In RISC-V there are pseudoinstructions call and ret corresponding to the above two cases.

For non-leaf functions you do need to save and restore return addresses on the stack, but with RISC you have do the load/store instructions explicitly:

fact:
    sub sp, 8
    sw [sp, 4], x1  // Assume x1 is the link register containing the return address 
    // ...
    lw x1, [sp, 4]  // Restore the return address from the stack
    add sp, 8
    jmp [x1]        // Jump to the return address

That pretty much covers the basics. Let's try writing out the code for all of fact:

fact:
    // a0 contains the argument/return value, ra contains the return address
    sub sp, 8
    sw [sp, 4], ra
    beq a0, 0, >1
    sw [sp, 0], a0
    sub a0, 1
    call fact       // jal ra, fact
    lw t0, [sp, 0]
    mul a0, t0
    jmp >2
1:  li a0, 1
2:  lw ra, [sp, 4]
    add sp, 8
    ret             // jmp [ra]

This is about as simple as a recursive function gets (note that you shouldn't
actually implement factorial as a recursive function, so this is only a toy example).
You can see the two values we need to save on the stack are the return address and the
variable n whose lifetime survives the recursive call.

Let me show the version using a callee-save register instead. The RISC-V API specifies that the s registers are callee-save, so we'll use s0 to store the value of n across the call.

fact:
    // a0 contains the argument/return value, ra contains the return address
    sub sp, 8
    sw [sp, 4], ra
    sw [sp, 0], s0
    beq a0, 0, >1
    mov s0, a0
    sub a0, 1
    call fact
    mul a0, s0
    jmp >2
1:  li a0, 1
2:  lw s0, [sp, 0]
    lw ra, [sp, 4]
    add sp, 8
    ret

For a recursive function like fact, the distinction between caller-save and callee-save registers doesn't really help writing more efficient code.

These conventions (passing the return address in a register, designating some registers as
caller save and others as callee save) show their strengths in leaf-level functions:

    int square(int x) {
        return x * x;
    }

=> (direct translation to assembly)

square:
    mul a0, a0
    ret

Because the return address is passed in a register when calling and read from a register
when returning, and the leaf function (by definition) isn't calling other functions, we never
have to save/restore the return address on the stack.

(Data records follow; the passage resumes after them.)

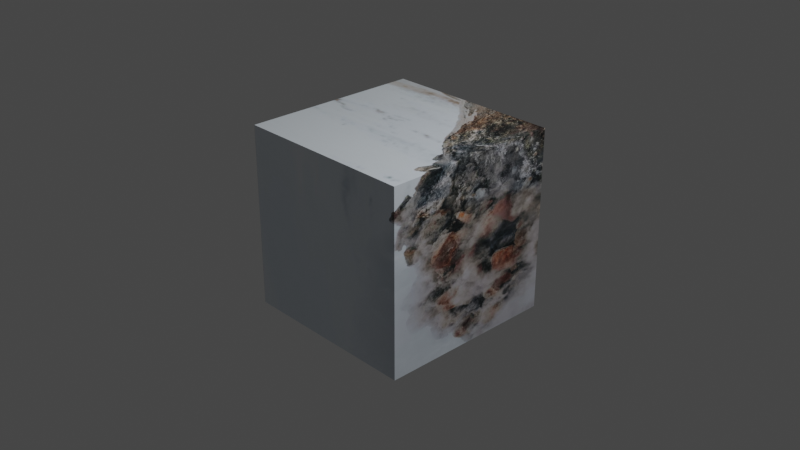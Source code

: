 # Source: untitled.blend  (saved by Blender 3.6.11; exported with 4.5.12 LTS)
import bpy
from mathutils import Matrix  # noqa: F401  (used for matrix-valued properties, if any)

bpy.ops.wm.read_factory_settings(use_empty=True)
scene = bpy.context.scene
scene.name = 'Scene'

# ---- collections
col_collection = bpy.data.collections.new('Collection'); scene.collection.children.link(col_collection)

# ---- images (referenced by path relative to the original .blend; pixels are not part of the script)
import os
ASSET_DIR = os.environ.get("B2B_ASSET_DIR", "")  # directory of the original .blend (textures are referenced by path, not embedded)
HERE = os.path.dirname(os.path.abspath(__file__))  # packed textures are extracted next to this script under _unpacked/

def load_image(name, relpath, width, height, colorspace="sRGB"):
    """Load a texture the original file referenced (path relative to the .blend, or extracted next to this script)."""
    p = next((c for c in (os.path.join(HERE, relpath), os.path.join(ASSET_DIR, relpath)) if relpath and os.path.exists(c)), "")
    if p:
        img = bpy.data.images.load(p, check_existing=True)
        img.name = name
    else:  # same state as the original file: an image datablock whose file is absent (Cycles renders it pink)
        img = bpy.data.images.new(name, width, height)
        img.source = "FILE"
        img.filepath = "//" + (relpath or name)
    img.colorspace_settings.name = colorspace
    return img
img_pexels_photo_4558656_jpeg = load_image('pexels-photo-4558656.jpeg', '_unpacked/pexels-photo-4558656.6d6af41c.jpg', 2250, 1500, 'sRGB')

# ---- materials (node trees are filled in below, after node groups)
mat_material = bpy.data.materials.new('Material')
mat_material.alpha_threshold = 0.0
mat_material.use_transparent_shadow = False
mat_material.roughness = 0.5
mat_material.line_color = (0.0, 0.0, 0.0, 1.0)

# ---- material node trees
mat_material.use_nodes = True; mat_material.node_tree.nodes.clear()
_N = mat_material.node_tree.nodes; _L = mat_material.node_tree.links
n0 = _N.new('ShaderNodeOutputMaterial'); n0.name = 'Material Output'; n0.location = (300, 300)
n1 = _N.new('ShaderNodeBsdfPrincipled'); n1.name = 'Principled BSDF'; n1.location = (10, 300)
n1.distribution = 'GGX'
n1.subsurface_method = 'RANDOM_WALK_SKIN'
n1.inputs[3].default_value = 1.45
n1.inputs[27].default_value = (0.0, 0.0, 0.0, 1.0)
n1.inputs[28].default_value = 1.0
n2 = _N.new('ShaderNodeTexImage'); n2.name = 'Image Texture'; n2.location = (-412, 95)
n2.image = img_pexels_photo_4558656_jpeg
_L.new(n1.outputs[0], n0.inputs[0])
_L.new(n2.outputs[0], n1.inputs[0])
n0.is_active_output = True

# ---- world
world_world = bpy.data.worlds.new('World'); scene.world = world_world
world_world.use_nodes = True; world_world.node_tree.nodes.clear()
_N = world_world.node_tree.nodes; _L = world_world.node_tree.links
n0 = _N.new('ShaderNodeOutputWorld'); n0.name = 'World Output'; n0.location = (300, 300)
n1 = _N.new('ShaderNodeBackground'); n1.name = 'Background'; n1.location = (10, 300)
n1.inputs[0].default_value = (0.05088, 0.05088, 0.05088, 1.0)
_L.new(n1.outputs[0], n0.inputs[0])
n0.is_active_output = True
world_world.color = (0.05088, 0.05088, 0.05088)
world_world.use_sun_shadow = False
world_world.sun_shadow_jitter_overblur = 0.0

# ---- cameras
cam_camera = bpy.data.cameras.new('Camera')
cam_camera.clip_end = 100.0
cam_camera.ortho_scale = 7.314

# ---- lights
light_light = bpy.data.lights.new('Light', 'POINT')
light_light.transmission_factor = 0.0
light_light.energy = 1000.0
light_light.shadow_soft_size = 0.1
light_light.shadow_maximum_resolution = 0.006
light_light.use_absolute_resolution = True

# ---- meshes
me_cube = bpy.data.meshes.new('Cube')
me_cube.from_pydata([(1.0, 1.0, 1.0), (1.0, 1.0, -1.0), (1.0, -1.0, 1.0), (1.0, -1.0, -1.0), (-1.0, 1.0, 1.0), (-1.0, 1.0, -1.0), (-1.0, -1.0, 1.0), (-1.0, -1.0, -1.0)], [], [(0, 4, 6, 2), (3, 2, 6, 7), (7, 6, 4, 5), (5, 1, 3, 7), (1, 0, 2, 3), (5, 4, 0, 1)])
_uv = me_cube.uv_layers.new(name='UVMap')
_uv.uv.foreach_set('vector', [0.625, 0.5, 0.875, 0.5, 0.875, 0.75, 0.625, 0.75, 0.375, 0.75, 0.625, 0.75, 0.625, 1.0, 0.375, 1.0, 0.375, 0.0, 0.625, 0.0, 0.625, 0.25, 0.375, 0.25, 0.125, 0.5, 0.375, 0.5, 0.375, 0.75, 0.125, 0.75, 0.375, 0.5, 0.625, 0.5, 0.625, 0.75, 0.375, 0.75, 0.375, 0.25, 0.625, 0.25, 0.625, 0.5, 0.375, 0.5])
me_cube.materials.append(mat_material)
me_cube.use_mirror_vertex_groups = False
me_cube.update()

# ---- objects
ob_cube = bpy.data.objects.new('Cube', me_cube)
ob_light = bpy.data.objects.new('Light', light_light)
ob_camera = bpy.data.objects.new('Camera', cam_camera)

# ---- transforms, parenting, visibility, modifiers, constraints
ob_cube.location = (0.0, 0.0, 0.0)
ob_cube.lock_rotations_4d = False
ob_cube.empty_display_type = 'ARROWS'
ob_cube.lineart.crease_threshold = 0.0
ob_light.location = (4.076, 1.005, 5.904)
ob_light.rotation_euler = (0.6503, 0.05522, 1.866)
ob_light.lock_rotations_4d = False
ob_light.empty_display_type = 'ARROWS'
ob_light.color = (0.0, 0.0, 0.0, 0.0)
ob_light.lineart.crease_threshold = 0.0
ob_camera.location = (7.359, -6.926, 4.958)
ob_camera.rotation_euler = (1.109, 0.0, 0.8149)
ob_camera.lock_rotations_4d = False
ob_camera.empty_display_type = 'ARROWS'
ob_camera.color = (0.0, 0.0, 0.0, 0.0)
ob_camera.display_type = 'WIRE'
ob_camera.lineart.crease_threshold = 0.0

# ---- collection membership
col_collection.objects.link(ob_cube)
col_collection.objects.link(ob_light)
col_collection.objects.link(ob_camera)

# ---- scene / render settings (as saved in the file)
scene.camera = ob_camera
scene.frame_start = 1; scene.frame_end = 250; scene.frame_set(1)
scene.render.engine = 'BLENDER_EEVEE_NEXT'
scene.cycles.sampling_pattern = 'TABULATED_SOBOL'
scene.view_settings.view_transform = 'Filmic'
bpy.context.view_layer.update()
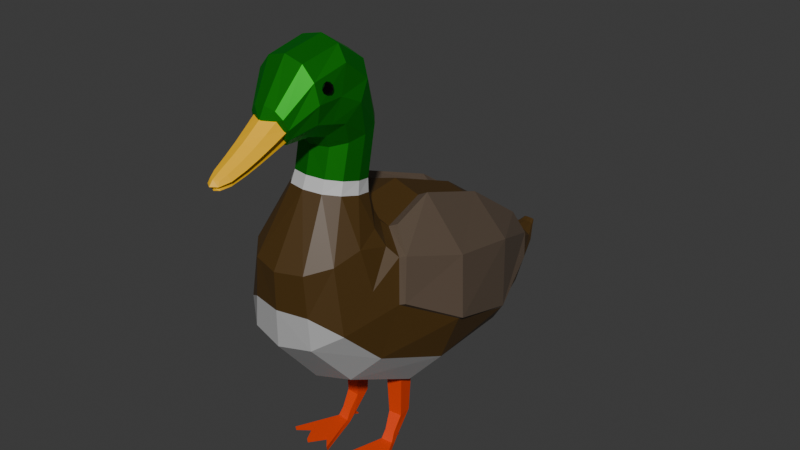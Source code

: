 # Source: low_poly_animals.blend  (saved by Blender 4.5.90; exported with 4.5.12 LTS)
import bpy
from mathutils import Matrix  # noqa: F401  (used for matrix-valued properties, if any)

bpy.ops.wm.read_factory_settings(use_empty=True)
scene = bpy.context.scene
scene.name = 'Scene'

# ---- collections
col_collection = bpy.data.collections.new('Collection'); scene.collection.children.link(col_collection)

# ---- materials (node trees are filled in below, after node groups)
mat_duck_head = bpy.data.materials.new('Duck Head')
mat_duck_neck = bpy.data.materials.new('Duck Neck')
mat_duck_body = bpy.data.materials.new('Duck Body')
mat_duck_wings = bpy.data.materials.new('Duck Wings')
mat_duck_belly = bpy.data.materials.new('Duck Belly')
mat_duck_eyes = bpy.data.materials.new('Duck Eyes')
mat_duck_beak = bpy.data.materials.new('Duck Beak')
mat_duck_feet = bpy.data.materials.new('Duck Feet')

# ---- material node trees
mat_duck_head.use_nodes = True; mat_duck_head.node_tree.nodes.clear()
_N = mat_duck_head.node_tree.nodes; _L = mat_duck_head.node_tree.links
n0 = _N.new('ShaderNodeBsdfPrincipled'); n0.name = 'Principled BSDF'; n0.location = (-200, 100)
n0.inputs[0].default_value = (0.0, 0.2923, 0.004033, 1.0)
n0.inputs[1].default_value = 0.7063
n1 = _N.new('ShaderNodeOutputMaterial'); n1.name = 'Material Output'; n1.location = (200, 100)
_L.new(n0.outputs[0], n1.inputs[0])
n1.is_active_output = True
mat_duck_neck.use_nodes = True; mat_duck_neck.node_tree.nodes.clear()
_N = mat_duck_neck.node_tree.nodes; _L = mat_duck_neck.node_tree.links
n0 = _N.new('ShaderNodeBsdfPrincipled'); n0.name = 'Principled BSDF'; n0.location = (-200, 100)
n0.inputs[0].default_value = (0.568, 0.568, 0.568, 1.0)
n1 = _N.new('ShaderNodeOutputMaterial'); n1.name = 'Material Output'; n1.location = (200, 100)
_L.new(n0.outputs[0], n1.inputs[0])
n1.is_active_output = True
mat_duck_body.use_nodes = True; mat_duck_body.node_tree.nodes.clear()
_N = mat_duck_body.node_tree.nodes; _L = mat_duck_body.node_tree.links
n0 = _N.new('ShaderNodeBsdfPrincipled'); n0.name = 'Principled BSDF'; n0.location = (-200, 100)
n0.inputs[0].default_value = (0.06893, 0.03414, 0.004866, 1.0)
n1 = _N.new('ShaderNodeOutputMaterial'); n1.name = 'Material Output'; n1.location = (200, 100)
_L.new(n0.outputs[0], n1.inputs[0])
n1.is_active_output = True
mat_duck_wings.use_nodes = True; mat_duck_wings.node_tree.nodes.clear()
_N = mat_duck_wings.node_tree.nodes; _L = mat_duck_wings.node_tree.links
n0 = _N.new('ShaderNodeBsdfPrincipled'); n0.name = 'Principled BSDF'; n0.location = (-200, 100)
n0.inputs[0].default_value = (0.1233, 0.08792, 0.06125, 1.0)
n1 = _N.new('ShaderNodeOutputMaterial'); n1.name = 'Material Output'; n1.location = (200, 100)
_L.new(n0.outputs[0], n1.inputs[0])
n1.is_active_output = True
mat_duck_belly.use_nodes = True; mat_duck_belly.node_tree.nodes.clear()
_N = mat_duck_belly.node_tree.nodes; _L = mat_duck_belly.node_tree.links
n0 = _N.new('ShaderNodeBsdfPrincipled'); n0.name = 'Principled BSDF'; n0.location = (-200, 100)
n0.inputs[0].default_value = (0.4249, 0.4249, 0.4249, 1.0)
n1 = _N.new('ShaderNodeOutputMaterial'); n1.name = 'Material Output'; n1.location = (200, 100)
_L.new(n0.outputs[0], n1.inputs[0])
n1.is_active_output = True
mat_duck_eyes.use_nodes = True; mat_duck_eyes.node_tree.nodes.clear()
_N = mat_duck_eyes.node_tree.nodes; _L = mat_duck_eyes.node_tree.links
n0 = _N.new('ShaderNodeBsdfPrincipled'); n0.name = 'Principled BSDF'; n0.location = (-200, 100)
n0.inputs[0].default_value = (0.0, 0.0, 0.0, 1.0)
n0.inputs[2].default_value = 0.0
n1 = _N.new('ShaderNodeOutputMaterial'); n1.name = 'Material Output'; n1.location = (200, 100)
_L.new(n0.outputs[0], n1.inputs[0])
n1.is_active_output = True
mat_duck_beak.use_nodes = True; mat_duck_beak.node_tree.nodes.clear()
_N = mat_duck_beak.node_tree.nodes; _L = mat_duck_beak.node_tree.links
n0 = _N.new('ShaderNodeBsdfPrincipled'); n0.name = 'Principled BSDF'; n0.location = (-200, 100)
n0.inputs[0].default_value = (1.0, 0.5338, 0.0, 1.0)
n1 = _N.new('ShaderNodeOutputMaterial'); n1.name = 'Material Output'; n1.location = (200, 100)
_L.new(n0.outputs[0], n1.inputs[0])
n1.is_active_output = True
mat_duck_feet.use_nodes = True; mat_duck_feet.node_tree.nodes.clear()
_N = mat_duck_feet.node_tree.nodes; _L = mat_duck_feet.node_tree.links
n0 = _N.new('ShaderNodeBsdfPrincipled'); n0.name = 'Principled BSDF'; n0.location = (-200, 100)
n0.inputs[0].default_value = (0.8002, 0.05254, 0.0, 1.0)
n1 = _N.new('ShaderNodeOutputMaterial'); n1.name = 'Material Output'; n1.location = (200, 100)
_L.new(n0.outputs[0], n1.inputs[0])
n1.is_active_output = True

# ---- world
world_world = bpy.data.worlds.new('World'); scene.world = world_world
world_world.use_nodes = True; world_world.node_tree.nodes.clear()
_N = world_world.node_tree.nodes; _L = world_world.node_tree.links
n0 = _N.new('ShaderNodeOutputWorld'); n0.name = 'World Output'; n0.location = (200, 100)
n1 = _N.new('ShaderNodeBackground'); n1.name = 'Background'; n1.location = (-200, 100)
n1.inputs[0].default_value = (0.05088, 0.05088, 0.05088, 1.0)
_L.new(n1.outputs[0], n0.inputs[0])
n0.is_active_output = True
world_world.color = (0.05088, 0.05088, 0.05088)
world_world.sun_shadow_jitter_overblur = 0.0

# ---- meshes
me_circle = bpy.data.meshes.new('Circle')
me_circle.from_pydata([(0.0, 0.3963, 0.5168), (0.0, 0.1522, -0.7668), (0.303, 0.1686, -0.6808), (0.5112, 0.2132, -0.4459), (0.5875, 0.2791, -0.1805), (0.1847, 0.3863, 0.4644), (0.0, 0.06308, 0.4844), (0.0, -0.338, -0.5191), (0.2538, -0.3112, -0.4518), (0.4261, -0.2377, -0.2682), (0.4617, -0.1181, 0.04768), (0.4261, -0.07752, 0.3233), (0.2538, 0.03621, 0.4172), (0.0, 0.03896, 0.5347), (0.0, -0.631, 0.3159), (0.1763, -0.5864, 0.3306), (0.292, -0.4642, 0.3708), (0.3351, -0.2972, 0.4257), (0.294, -0.1298, 0.4805), (0.1789, -0.006562, 0.5203), (0.0, 0.113, 1.061), (0.0, -0.3133, 0.9638), (0.1138, -0.2848, 0.9703), (0.1835, -0.2067, 0.9881), (0.209, -0.1002, 1.012), (0.1835, 0.006422, 1.037), (0.1138, 0.08445, 1.055), (0.0, -9.471e-05, 1.431), (0.0, -0.356, 1.025), (0.136, -0.3322, 1.052), (0.222, -0.267, 1.126), (0.2535, -0.1781, 1.228), (0.222, -0.08908, 1.329), (0.136, -0.02394, 1.403), (0.0, -0.4691, 1.514), (0.0, -0.4406, 1.048), (0.1201, -0.4425, 1.079), (0.1944, -0.4477, 1.165), (0.2216, -0.4548, 1.281), (0.1944, -0.4619, 1.397), (0.1201, -0.4671, 1.482), (0.0, -0.6325, 1.281), (0.0, -0.5522, 1.044), (0.07362, -0.5576, 1.06), (0.1139, -0.5723, 1.103), (0.1287, -0.5924, 1.162), (0.1139, -0.6124, 1.222), (0.07362, -0.6272, 1.265), (0.1281, -0.2084, 1.53), (0.0, -0.1975, 1.559), (0.2082, -0.3574, 1.146), (0.2296, -0.3005, 1.288), (0.0, -0.3983, 1.037), (0.2082, -0.2384, 1.45), (0.1281, -0.3873, 1.066), (0.0, 0.9223, 0.3081), (0.0, 0.8423, -0.7862), (0.2575, 0.8477, -0.7129), (0.4323, 0.8623, -0.5126), (0.4963, 0.8555, -0.4098), (0.1569, 0.919, 0.2635), (0.0, 1.399, -0.02695), (0.0, 1.352, -0.6783), (0.1608, 1.355, -0.6347), (0.2649, 1.363, -0.5155), (0.303, 1.375, -0.3527), (0.2275, 1.474, -0.2339), (0.1608, 1.396, -0.07059), (0.0, 1.744, -0.3386), (0.0, 1.747, -0.473), (0.0715, 1.747, -0.464), (0.1102, 1.746, -0.4394), (0.1244, 1.746, -0.4058), (0.1102, 1.745, -0.3722), (0.0715, 1.744, -0.3476), (0.0, 1.86, -0.337), (0.0, 1.881, -0.3793), (0.03716, 1.879, -0.3765), (0.05076, 1.875, -0.3687), (0.05573, 1.87, -0.3582), (0.05076, 1.865, -0.3476), (0.03716, 1.861, -0.3398), (0.0, 1.9, -0.3254), (0.0, 1.912, -0.3491), (0.02898, 1.911, -0.3475), (0.03658, 1.909, -0.3432), (0.03936, 1.906, -0.3373), (0.03658, 1.903, -0.3314), (0.02898, 1.901, -0.327), (0.0, -0.6186, 1.084), (0.0, -0.6378, 1.107), (0.0, -0.6597, 1.139), (0.0, -0.6694, 1.179), (0.0, -0.6733, 1.207), (0.5551, 0.344, 0.2077), (0.6094, 0.2879, -0.1729), (0.2465, 0.3951, 0.4967), (0.4725, -0.06874, 0.3406), (0.4989, -0.1093, 0.06292), (0.3125, 0.04499, 0.4452), (0.4659, 0.9111, 0.05182), (0.5039, 0.8642, -0.3959), (0.2058, 0.9278, 0.298), (0.2442, 1.482, -0.2028), (0.3118, 1.384, -0.3262), (0.1881, 1.405, -0.03556), (0.0, 0.05363, 0.7027), (0.0, 0.04468, 0.6258), (0.0, -0.3853, 0.7241), (0.0, -0.3537, 0.7998), (0.1161, -0.3573, 0.7177), (0.111, -0.3266, 0.7933), (0.1888, -0.2807, 0.7004), (0.1786, -0.2523, 0.7756), (0.2185, -0.1752, 0.6767), (0.2032, -0.1505, 0.7514), (0.1972, -0.06802, 0.6525), (0.1783, -0.04852, 0.727), (0.1269, 0.01325, 0.6335), (0.1108, 0.02625, 0.7092), (0.2154, -0.5872, -0.1311), (0.3596, -0.471, -0.03803), (0.2167, 0.005829, 0.4519), (0.0, 0.04195, 0.4929), (0.3917, -0.2627, 0.1718), (0.0, -0.6298, -0.1652), (0.3606, -0.1126, 0.3848), (0.2064, -0.3852, 1.313), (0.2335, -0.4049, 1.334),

For a leaf function that needs more registers to do its job, it should prioritize using caller-save registers since the leaf function doesn't have to save them since it never calls anything.

---

A quick note on flattening expressions and register allocation:

A generic recipe for translating "A op B" is to generate the code for evaluating
A and putting the result in t1, then generate the code for evaluating B and putting
the result in t2, and then generate t1 = t1 op t2 to combine the results. Here t1 and t2 stand for free temporary registers, not fixed registers. This recipe is applied recursively to the subexpressions until they bottom out in literals or variables or whatever.

For example, to evaluate a + b + c + d = ((a + b) + c) + d, we would do

    t1 = a;
    t2 = b;
    t1 += t2;
    t2 = c;
    t1 += t2;
    t2 = d;
    t1 += t2;

=> (direct translation to assembly)

    lw t1, a
    lw t2, b
    add t1, t2
    lw t2, c
    add t1, t2
    lw t2, d
    add t1, t2

However, suppose we used the same left-to-right translation on the corresponding
right-associative grouping of the same expression, a + (b + (c + d)):

    lw t1, a
    lw t2, b
    lw t3, c
    lw t4, d
    add t3, t4
    add t2, t3
    add t1, t2

You can see that with this naive translation approach, the right-associative expression
uses as many temporary registers as there are operands, which is a disaster.

Look up the Sethi-Ullman algorithm if you want to see how to do this optimally in general.
However, even a simple-minded left-to-right translation approach is fine as long as you're
dealing with left-associative expression trees.